Task brief:
Count how many lines below contain the word "sketch", then give that number alone.

Records from a collection:
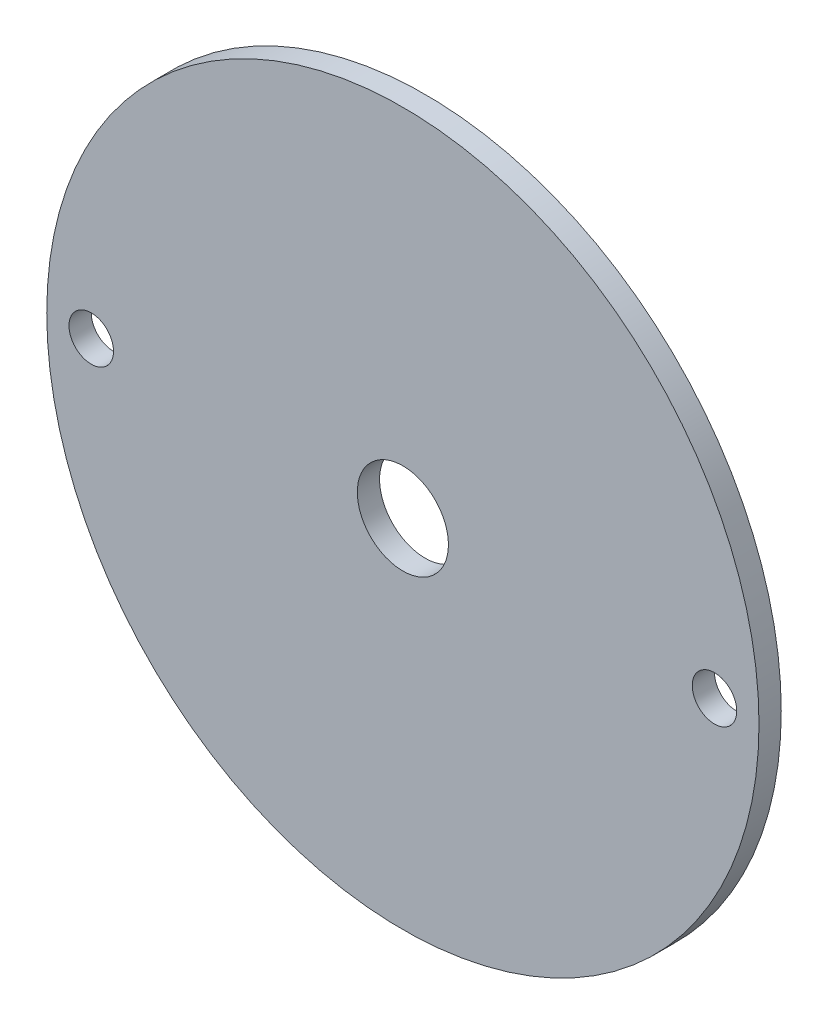
SolidWorks part; units mm, degrees
material "ABS"
ref_plane "Front Plane" through (0, 0, 0) normal (0, 0, 1) x (1, 0, 0)
ref_plane "Top Plane" through (0, 0, 0) normal (0, 1, 0) x (1, 0, 0)
ref_plane "Right Plane" through (0, 0, 0) normal (1, 0, 0) x (0, 0, -1)
sketch "Sketch1" plane through (0, 0, 0) normal (0, 0, 1) x (1, 0, 0)
  circle A0 centre (0, 0) radius 50.8
  circle A1 centre (0, 0) radius 44.45 construction
  circle A2 centre (44.45, 0) radius 3.175
  circle A3 centre (-44.45, 0) radius 3.175
  circle A4 centre (0, 0) radius 6.5
  dimension "D1" = 101.6
  dimension "D2" = 88.9
  dimension "D3" = 6.35
  dimension "D4" = 13
extrude "Boss-Extrude1" add sketch "Sketch1" along normal blind 3.175
sketch "Sketch2" plane through (0, 0, 3.175) normal (0, 0, 1) x (1, 0, 0)
  line L1 (-3.302, 38.1) -> (3.302, 38.1)
  line L2 (-3.302, 38.1) -> (-3.302, 40.64)
  line L3 (-3.302, 40.64) -> (3.302, 40.64)
  line L4 (3.302, 38.1) -> (3.302, 40.64)
  line L5 (0, 40.64) -> (0, 38.1) construction
  line L6 (-3.302, 39.37) -> (3.302, 39.37) construction
  circle A1 centre (0, 0) radius 39.37 construction
  point P2 (0, 39.37)
  dimension "D1" = 78.74
  dimension "D2" = 6.604
  dimension "D3" = 2.54
extrude "Cut-Extrude1" [suppressed] cut sketch "Sketch2" against normal through all

Answer section:
4